Supreme Court Blocks Purdue Pharma Bankruptcy Deal

( – In a 5-4 ruling on June 27, the Supreme Court blocked the bankruptcy deal for OxyContin maker Purdue Pharma that would have given members of the Sackler family and their business associates protection from future liability in civil lawsuits.

As part of the bankruptcy deal, the family would have to contribute no more than $6 billion to a nationwide settlement and have protection from future liability in civil lawsuits. As part of the agreement, the family would give up ownership in the company, which would emerge from bankruptcy as a different entity whose profits would be used for prevention and treatment.

Despite the approval of the bankruptcy deal last year, the Biden administration stated that the Sackler family could not be released from the claims by a bankruptcy court.

In the majority opinion, Justice Neil Gorsuch wrote that under federal law, the Sacklers, who did not themselves file for bankruptcy, could not be protected from future liability.

Chief Justice John Roberts, Justice Elena Kagan, Justice Sonia Sotomayor, and Justice Brett Kavanaugh dissented, with Kavanaugh calling the ruling “unfortunate and destabilizing” in the dissenting opinion.
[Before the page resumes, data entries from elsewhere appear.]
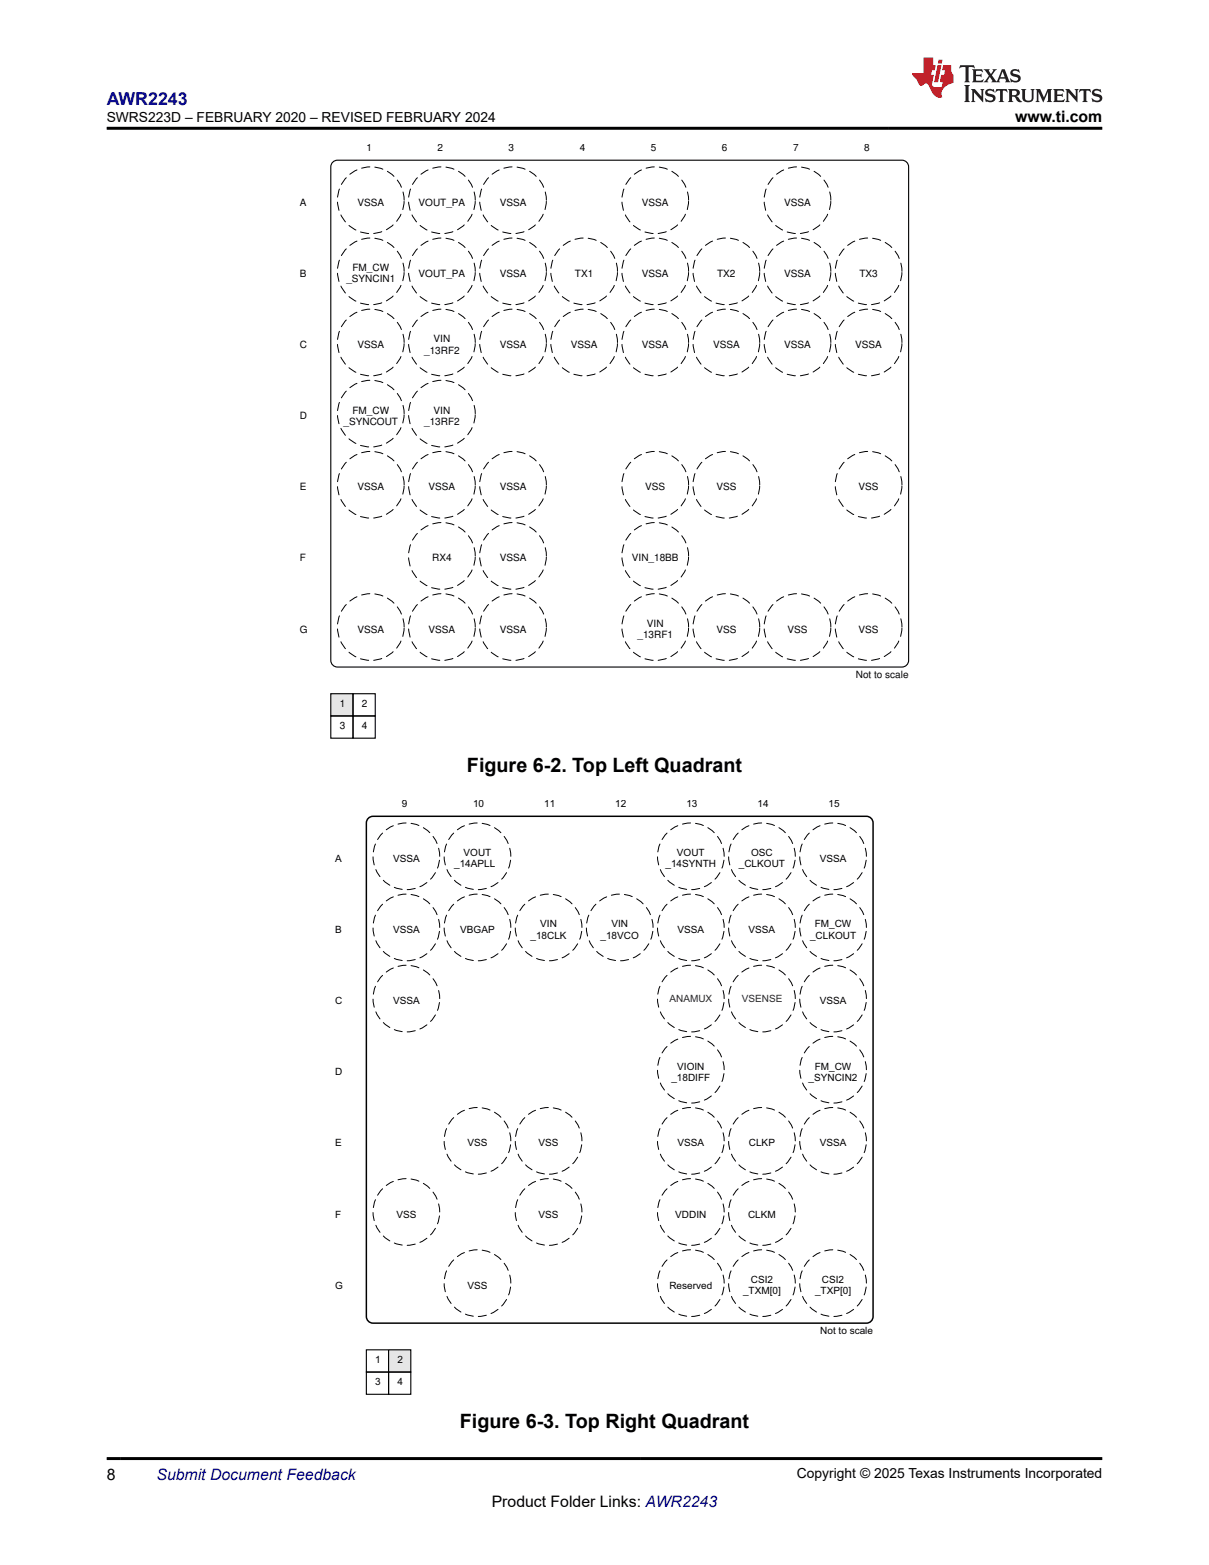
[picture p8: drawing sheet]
<svg xmlns="http://www.w3.org/2000/svg" width="216mm" height="279mm" viewBox="0 0 216 279" stroke-linecap="round" stroke-linejoin="round" font-family="sans-serif">
<path d="M59.6 28.8l.7-.2h100.8a1.19 1.19 0 0 1 1.2 1.2v88.1a1.19 1.19 0 0 1-1.2 1.2h-100.8a1.19 1.19 0 0 1-1.2-1.2v-88.1v-.4z" fill="none" stroke="#000" stroke-width=".2"/>
<circle cx="66.2" cy="35.7" r="6" fill="#fff"/>
<circle cx="66.2" cy="35.7" r="6" fill="none" stroke="#000" stroke-width=".18" stroke-dasharray="1.5 .9"/>
<circle cx="78.9" cy="35.7" r="6" fill="#fff"/>
<circle cx="78.9" cy="35.7" r="6" fill="none" stroke="#000" stroke-width=".18" stroke-dasharray="1.5 .9"/>
<circle cx="91.6" cy="35.7" r="6" fill="#fff"/>
<circle cx="91.6" cy="35.7" r="6" fill="none" stroke="#000" stroke-width=".18" stroke-dasharray="1.5 .9"/>
<circle cx="117" cy="35.7" r="6" fill="#fff"/>
<circle cx="117" cy="35.7" r="6" fill="none" stroke="#000" stroke-width=".18" stroke-dasharray="1.5 .9"/>
<circle cx="142.4" cy="35.7" r="6" fill="#fff"/>
<circle cx="142.4" cy="35.7" r="6" fill="none" stroke="#000" stroke-width=".18" stroke-dasharray="1.5 .9"/>
<circle cx="66.2" cy="48.4" r="6" fill="#fff"/>
<circle cx="66.2" cy="48.4" r="6" fill="none" stroke="#000" stroke-width=".18" stroke-dasharray="1.5 .9"/>
<circle cx="78.9" cy="48.4" r="6" fill="#fff"/>
<circle cx="78.9" cy="48.4" r="6" fill="none" stroke="#000" stroke-width=".18" stroke-dasharray="1.5 .9"/>
<circle cx="91.6" cy="48.4" r="6" fill="#fff"/>
<circle cx="91.6" cy="48.4" r="6" fill="none" stroke="#000" stroke-width=".18" stroke-dasharray="1.5 .9"/>
<circle cx="104.3" cy="48.4" r="6" fill="#fff"/>
<circle cx="104.3" cy="48.4" r="6" fill="none" stroke="#000" stroke-width=".18" stroke-dasharray="1.5 .9"/>
<circle cx="117" cy="48.4" r="6" fill="#fff"/>
<circle cx="117" cy="48.4" r="6" fill="none" stroke="#000" stroke-width=".18" stroke-dasharray="1.5 .9"/>
<circle cx="129.7" cy="48.4" r="6" fill="#fff"/>
<circle cx="129.7" cy="48.4" r="6" fill="none" stroke="#000" stroke-width=".18" stroke-dasharray="1.5 .9"/>
<circle cx="142.4" cy="48.4" r="6" fill="#fff"/>
<circle cx="142.4" cy="48.4" r="6" fill="none" stroke="#000" stroke-width=".18" stroke-dasharray="1.5 .9"/>
<circle cx="155.1" cy="48.4" r="6" fill="#fff"/>
<circle cx="155.1" cy="48.4" r="6" fill="none" stroke="#000" stroke-width=".18" stroke-dasharray="1.5 .9"/>
<circle cx="66.2" cy="61.1" r="6" fill="#fff"/>
<circle cx="66.2" cy="61.1" r="6" fill="none" stroke="#000" stroke-width=".18" stroke-dasharray="1.5 .9"/>
<circle cx="78.9" cy="61.1" r="6" fill="#fff"/>
<circle cx="78.9" cy="61.1" r="6" fill="none" stroke="#000" stroke-width=".18" stroke-dasharray="1.5 .9"/>
<circle cx="91.6" cy="61.1" r="6" fill="#fff"/>
<circle cx="91.6" cy="61.1" r="6" fill="none" stroke="#000" stroke-width=".18" stroke-dasharray="1.5 .9"/>
<circle cx="104.3" cy="61.1" r="6" fill="#fff"/>
<circle cx="104.3" cy="61.1" r="6" fill="none" stroke="#000" stroke-width=".18" stroke-dasharray="1.5 .9"/>
<circle cx="117" cy="61.1" r="6" fill="#fff"/>
<circle cx="117" cy="61.1" r="6" fill="none" stroke="#000" stroke-width=".18" stroke-dasharray="1.5 .9"/>
<circle cx="129.7" cy="61.1" r="6" fill="#fff"/>
<circle cx="129.7" cy="61.1" r="6" fill="none" stroke="#000" stroke-width=".18" stroke-dasharray="1.5 .9"/>
<circle cx="142.4" cy="61.1" r="6" fill="#fff"/>
<circle cx="142.4" cy="61.1" r="6" fill="none" stroke="#000" stroke-width=".18" stroke-dasharray="1.5 .9"/>
<circle cx="155.1" cy="61.1" r="6" fill="#fff"/>
<circle cx="155.1" cy="61.1" r="6" fill="none" stroke="#000" stroke-width=".18" stroke-dasharray="1.5 .9"/>
<circle cx="66.2" cy="73.8" r="6" fill="#fff"/>
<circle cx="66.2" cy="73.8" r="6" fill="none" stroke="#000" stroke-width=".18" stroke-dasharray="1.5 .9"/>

The case will now be sent back to lower courts, which means the victims of the opioid epidemic will have to wait longer for a financial settlement.

A lawyer who represents over 60,000 opioid overdose victims, Edward Neiger, said the ruling is a setback that “will lead to more needless overdose deaths.”

Democratic North Carolina Attorney General Josh Stein said the ruling means “we now have to go back to the negotiating table,” adding that the company and family “must pay so we can save lives and help people live free of addiction.”

Republican West Virginia Attorney General Patrick Morrisey said they will continue to fight “to hold those who are accountable for the damage that’s been done to our State.”

The ruling could have implications for other major bankruptcy cases, including the Boy Scouts of America’s $2.4 billion bankruptcy plan.